### WORK INSTRUCTION
Starting at the first line of the entries below, output every line exactly, up to and including the line with "#29925 = CARTESIAN_POINT".

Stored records
◆ ◆ ◆ ◆ ◆
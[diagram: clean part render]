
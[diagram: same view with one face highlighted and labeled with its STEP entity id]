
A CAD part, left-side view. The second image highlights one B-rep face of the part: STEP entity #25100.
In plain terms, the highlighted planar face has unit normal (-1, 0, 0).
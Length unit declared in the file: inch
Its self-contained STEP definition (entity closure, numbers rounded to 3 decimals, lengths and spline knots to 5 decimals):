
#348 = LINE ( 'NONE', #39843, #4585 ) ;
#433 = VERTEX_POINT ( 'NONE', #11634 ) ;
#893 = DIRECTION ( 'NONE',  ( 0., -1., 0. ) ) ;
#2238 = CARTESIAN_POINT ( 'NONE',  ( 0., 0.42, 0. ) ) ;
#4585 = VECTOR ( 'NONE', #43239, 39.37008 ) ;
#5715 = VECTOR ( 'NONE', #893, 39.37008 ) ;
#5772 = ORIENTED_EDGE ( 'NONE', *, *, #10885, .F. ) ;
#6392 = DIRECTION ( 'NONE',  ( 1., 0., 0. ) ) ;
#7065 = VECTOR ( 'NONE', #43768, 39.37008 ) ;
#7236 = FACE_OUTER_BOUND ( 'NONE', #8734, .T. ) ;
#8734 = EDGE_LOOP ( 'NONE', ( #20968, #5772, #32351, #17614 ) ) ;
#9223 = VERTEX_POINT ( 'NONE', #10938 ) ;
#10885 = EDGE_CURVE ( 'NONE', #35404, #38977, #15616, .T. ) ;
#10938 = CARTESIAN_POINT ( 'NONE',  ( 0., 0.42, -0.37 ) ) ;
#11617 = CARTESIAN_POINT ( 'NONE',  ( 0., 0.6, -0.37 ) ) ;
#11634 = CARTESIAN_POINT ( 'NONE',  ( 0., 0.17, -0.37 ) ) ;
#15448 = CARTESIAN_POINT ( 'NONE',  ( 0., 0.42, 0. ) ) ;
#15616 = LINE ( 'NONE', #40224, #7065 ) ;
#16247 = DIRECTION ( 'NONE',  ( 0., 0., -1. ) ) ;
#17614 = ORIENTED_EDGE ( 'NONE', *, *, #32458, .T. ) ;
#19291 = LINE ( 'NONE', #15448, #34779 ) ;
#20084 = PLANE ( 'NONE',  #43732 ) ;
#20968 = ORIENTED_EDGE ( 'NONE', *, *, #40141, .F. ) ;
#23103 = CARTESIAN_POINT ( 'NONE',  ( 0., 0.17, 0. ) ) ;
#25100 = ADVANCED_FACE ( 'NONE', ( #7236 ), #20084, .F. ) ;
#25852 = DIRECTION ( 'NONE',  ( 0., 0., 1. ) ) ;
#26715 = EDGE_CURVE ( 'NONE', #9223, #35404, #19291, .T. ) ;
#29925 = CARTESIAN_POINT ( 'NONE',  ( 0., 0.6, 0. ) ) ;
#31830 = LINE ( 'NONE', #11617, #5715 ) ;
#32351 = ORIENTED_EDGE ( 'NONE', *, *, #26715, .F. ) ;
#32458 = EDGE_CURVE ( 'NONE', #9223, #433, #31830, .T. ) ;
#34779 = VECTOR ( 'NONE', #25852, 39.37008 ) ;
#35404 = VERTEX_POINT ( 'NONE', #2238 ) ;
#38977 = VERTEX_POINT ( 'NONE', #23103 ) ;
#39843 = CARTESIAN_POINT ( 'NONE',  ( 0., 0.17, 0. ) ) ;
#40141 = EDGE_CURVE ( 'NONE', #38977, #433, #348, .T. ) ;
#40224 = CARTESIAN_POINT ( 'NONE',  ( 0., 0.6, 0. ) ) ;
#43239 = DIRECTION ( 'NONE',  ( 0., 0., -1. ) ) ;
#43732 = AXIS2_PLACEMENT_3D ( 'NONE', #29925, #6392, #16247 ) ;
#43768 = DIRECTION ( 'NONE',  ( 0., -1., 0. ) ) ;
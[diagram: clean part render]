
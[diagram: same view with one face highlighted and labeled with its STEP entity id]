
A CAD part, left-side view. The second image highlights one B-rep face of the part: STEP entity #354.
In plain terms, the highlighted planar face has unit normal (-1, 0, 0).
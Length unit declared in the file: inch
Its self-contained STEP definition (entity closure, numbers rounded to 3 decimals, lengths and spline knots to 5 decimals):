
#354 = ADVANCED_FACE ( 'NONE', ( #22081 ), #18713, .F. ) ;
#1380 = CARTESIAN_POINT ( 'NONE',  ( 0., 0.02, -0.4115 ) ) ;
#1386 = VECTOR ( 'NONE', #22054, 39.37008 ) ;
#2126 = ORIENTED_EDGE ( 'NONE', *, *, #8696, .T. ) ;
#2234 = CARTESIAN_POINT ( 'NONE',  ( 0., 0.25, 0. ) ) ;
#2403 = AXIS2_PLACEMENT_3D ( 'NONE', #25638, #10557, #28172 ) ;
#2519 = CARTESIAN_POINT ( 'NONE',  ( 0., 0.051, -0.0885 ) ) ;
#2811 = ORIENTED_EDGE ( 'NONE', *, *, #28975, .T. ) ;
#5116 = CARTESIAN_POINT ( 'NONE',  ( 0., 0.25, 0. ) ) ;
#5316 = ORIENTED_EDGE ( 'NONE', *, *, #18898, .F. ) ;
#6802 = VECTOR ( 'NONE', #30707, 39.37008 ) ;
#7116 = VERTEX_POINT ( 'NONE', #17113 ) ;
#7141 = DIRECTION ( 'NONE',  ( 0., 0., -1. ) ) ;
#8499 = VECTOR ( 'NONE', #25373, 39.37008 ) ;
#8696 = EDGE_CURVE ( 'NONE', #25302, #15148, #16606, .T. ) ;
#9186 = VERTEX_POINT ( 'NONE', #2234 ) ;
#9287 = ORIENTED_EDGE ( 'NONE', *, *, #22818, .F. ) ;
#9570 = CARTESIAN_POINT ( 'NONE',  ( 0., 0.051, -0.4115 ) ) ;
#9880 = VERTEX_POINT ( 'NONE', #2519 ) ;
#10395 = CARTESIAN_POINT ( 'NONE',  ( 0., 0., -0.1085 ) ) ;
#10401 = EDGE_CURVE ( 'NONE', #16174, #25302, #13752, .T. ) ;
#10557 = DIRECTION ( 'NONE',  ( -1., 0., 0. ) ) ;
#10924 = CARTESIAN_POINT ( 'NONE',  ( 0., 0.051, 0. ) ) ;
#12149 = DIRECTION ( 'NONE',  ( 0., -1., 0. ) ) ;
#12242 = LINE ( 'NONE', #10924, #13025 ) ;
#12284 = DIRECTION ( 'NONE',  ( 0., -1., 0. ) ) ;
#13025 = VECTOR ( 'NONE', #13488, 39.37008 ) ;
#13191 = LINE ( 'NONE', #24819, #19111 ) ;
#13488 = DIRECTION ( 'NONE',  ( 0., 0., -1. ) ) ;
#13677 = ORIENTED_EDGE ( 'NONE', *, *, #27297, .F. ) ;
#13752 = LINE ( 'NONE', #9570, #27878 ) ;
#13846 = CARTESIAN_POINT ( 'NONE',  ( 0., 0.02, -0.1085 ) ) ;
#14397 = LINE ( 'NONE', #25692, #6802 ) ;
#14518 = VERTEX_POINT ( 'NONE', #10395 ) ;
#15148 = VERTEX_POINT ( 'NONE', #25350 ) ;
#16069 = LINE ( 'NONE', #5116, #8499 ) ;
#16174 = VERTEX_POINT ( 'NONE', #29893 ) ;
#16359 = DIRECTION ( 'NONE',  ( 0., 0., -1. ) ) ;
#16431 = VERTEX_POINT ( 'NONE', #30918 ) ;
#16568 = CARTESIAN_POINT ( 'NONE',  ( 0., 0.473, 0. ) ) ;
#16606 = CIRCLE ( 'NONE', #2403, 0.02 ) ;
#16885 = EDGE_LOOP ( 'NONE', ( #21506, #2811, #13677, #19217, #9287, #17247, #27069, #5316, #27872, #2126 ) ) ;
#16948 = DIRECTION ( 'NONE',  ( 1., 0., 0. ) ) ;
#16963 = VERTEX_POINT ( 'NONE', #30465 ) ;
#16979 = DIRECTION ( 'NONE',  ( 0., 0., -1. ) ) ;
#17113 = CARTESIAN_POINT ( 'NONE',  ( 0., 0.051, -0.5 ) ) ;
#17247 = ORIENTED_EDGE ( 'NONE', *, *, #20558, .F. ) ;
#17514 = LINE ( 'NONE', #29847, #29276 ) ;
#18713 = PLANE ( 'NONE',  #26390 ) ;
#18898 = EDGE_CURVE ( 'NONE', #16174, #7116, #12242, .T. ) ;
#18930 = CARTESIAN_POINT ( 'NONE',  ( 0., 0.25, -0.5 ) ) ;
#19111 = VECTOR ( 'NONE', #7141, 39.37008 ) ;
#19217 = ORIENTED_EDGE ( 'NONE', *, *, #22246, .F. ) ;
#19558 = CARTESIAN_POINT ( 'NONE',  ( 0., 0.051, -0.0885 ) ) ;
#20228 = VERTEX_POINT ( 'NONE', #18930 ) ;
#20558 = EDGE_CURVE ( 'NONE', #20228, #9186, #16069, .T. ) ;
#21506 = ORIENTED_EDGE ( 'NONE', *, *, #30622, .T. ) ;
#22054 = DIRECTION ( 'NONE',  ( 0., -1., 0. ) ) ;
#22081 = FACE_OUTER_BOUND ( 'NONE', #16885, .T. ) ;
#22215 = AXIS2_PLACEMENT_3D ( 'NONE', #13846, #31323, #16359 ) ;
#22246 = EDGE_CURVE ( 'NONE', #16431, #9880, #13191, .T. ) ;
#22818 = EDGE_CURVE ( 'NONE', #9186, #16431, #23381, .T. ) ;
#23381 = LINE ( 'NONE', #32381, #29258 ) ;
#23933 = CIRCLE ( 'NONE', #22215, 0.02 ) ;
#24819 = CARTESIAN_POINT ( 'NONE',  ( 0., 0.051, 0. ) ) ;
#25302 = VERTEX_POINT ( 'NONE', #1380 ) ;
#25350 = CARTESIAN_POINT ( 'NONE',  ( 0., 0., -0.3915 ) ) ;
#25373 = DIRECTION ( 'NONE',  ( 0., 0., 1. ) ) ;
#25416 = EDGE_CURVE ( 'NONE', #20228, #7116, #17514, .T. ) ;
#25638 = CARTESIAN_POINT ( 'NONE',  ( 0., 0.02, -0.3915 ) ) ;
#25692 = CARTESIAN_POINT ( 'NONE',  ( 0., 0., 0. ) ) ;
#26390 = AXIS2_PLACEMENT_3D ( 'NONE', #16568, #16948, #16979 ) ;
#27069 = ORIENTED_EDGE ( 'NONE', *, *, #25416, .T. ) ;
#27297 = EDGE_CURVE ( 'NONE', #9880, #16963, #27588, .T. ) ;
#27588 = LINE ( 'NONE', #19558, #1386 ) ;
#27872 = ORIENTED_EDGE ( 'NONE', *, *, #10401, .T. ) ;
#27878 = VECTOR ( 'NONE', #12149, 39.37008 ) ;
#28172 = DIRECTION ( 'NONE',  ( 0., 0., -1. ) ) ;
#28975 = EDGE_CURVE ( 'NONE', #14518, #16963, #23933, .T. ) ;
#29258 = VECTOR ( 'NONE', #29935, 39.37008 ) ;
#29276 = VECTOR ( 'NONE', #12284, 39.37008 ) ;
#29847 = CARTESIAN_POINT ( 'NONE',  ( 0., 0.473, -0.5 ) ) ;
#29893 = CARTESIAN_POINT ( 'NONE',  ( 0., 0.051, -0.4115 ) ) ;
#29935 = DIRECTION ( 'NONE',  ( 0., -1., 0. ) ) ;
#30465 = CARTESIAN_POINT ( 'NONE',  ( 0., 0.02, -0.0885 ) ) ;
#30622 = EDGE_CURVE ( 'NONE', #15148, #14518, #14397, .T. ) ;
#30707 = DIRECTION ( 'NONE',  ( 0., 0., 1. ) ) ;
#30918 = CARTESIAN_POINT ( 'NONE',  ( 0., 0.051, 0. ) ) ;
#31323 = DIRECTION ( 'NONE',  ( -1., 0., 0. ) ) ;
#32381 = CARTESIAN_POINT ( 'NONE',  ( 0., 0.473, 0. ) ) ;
◆ ◆ ◆ ◆ ◆
### RESULT OF THE EXERCISE
[diagram: clean part render]
[diagram: same view with one face highlighted and labeled with its STEP entity id]
A CAD part, left-side view. The second image highlights one B-rep face of the part: STEP entity #25100.
In plain terms, the highlighted planar face has unit normal (-1, 0, 0).
Length unit declared in the file: inch
Its self-contained STEP definition (entity closure, numbers rounded to 3 decimals, lengths and spline knots to 5 decimals):
#348 = LINE ( 'NONE', #39843, #4585 ) ;
#433 = VERTEX_POINT ( 'NONE', #11634 ) ;
#893 = DIRECTION ( 'NONE',  ( 0., -1., 0. ) ) ;
#2238 = CARTESIAN_POINT ( 'NONE',  ( 0., 0.42, 0. ) ) ;
#4585 = VECTOR ( 'NONE', #43239, 39.37008 ) ;
#5715 = VECTOR ( 'NONE', #893, 39.37008 ) ;
#5772 = ORIENTED_EDGE ( 'NONE', *, *, #10885, .F. ) ;
#6392 = DIRECTION ( 'NONE',  ( 1., 0., 0. ) ) ;
#7065 = VECTOR ( 'NONE', #43768, 39.37008 ) ;
#7236 = FACE_OUTER_BOUND ( 'NONE', #8734, .T. ) ;
#8734 = EDGE_LOOP ( 'NONE', ( #20968, #5772, #32351, #17614 ) ) ;
#9223 = VERTEX_POINT ( 'NONE', #10938 ) ;
#10885 = EDGE_CURVE ( 'NONE', #35404, #38977, #15616, .T. ) ;
#10938 = CARTESIAN_POINT ( 'NONE',  ( 0., 0.42, -0.37 ) ) ;
#11617 = CARTESIAN_POINT ( 'NONE',  ( 0., 0.6, -0.37 ) ) ;
#11634 = CARTESIAN_POINT ( 'NONE',  ( 0., 0.17, -0.37 ) ) ;
#15448 = CARTESIAN_POINT ( 'NONE',  ( 0., 0.42, 0. ) ) ;
#15616 = LINE ( 'NONE', #40224, #7065 ) ;
#16247 = DIRECTION ( 'NONE',  ( 0., 0., -1. ) ) ;
#17614 = ORIENTED_EDGE ( 'NONE', *, *, #32458, .T. ) ;
#19291 = LINE ( 'NONE', #15448, #34779 ) ;
#20084 = PLANE ( 'NONE',  #43732 ) ;
#20968 = ORIENTED_EDGE ( 'NONE', *, *, #40141, .F. ) ;
#23103 = CARTESIAN_POINT ( 'NONE',  ( 0., 0.17, 0. ) ) ;
#25100 = ADVANCED_FACE ( 'NONE', ( #7236 ), #20084, .F. ) ;
#25852 = DIRECTION ( 'NONE',  ( 0., 0., 1. ) ) ;
#26715 = EDGE_CURVE ( 'NONE', #9223, #35404, #19291, .T. ) ;
#29925 = CARTESIAN_POINT ( 'NONE',  ( 0., 0.6, 0. ) ) ;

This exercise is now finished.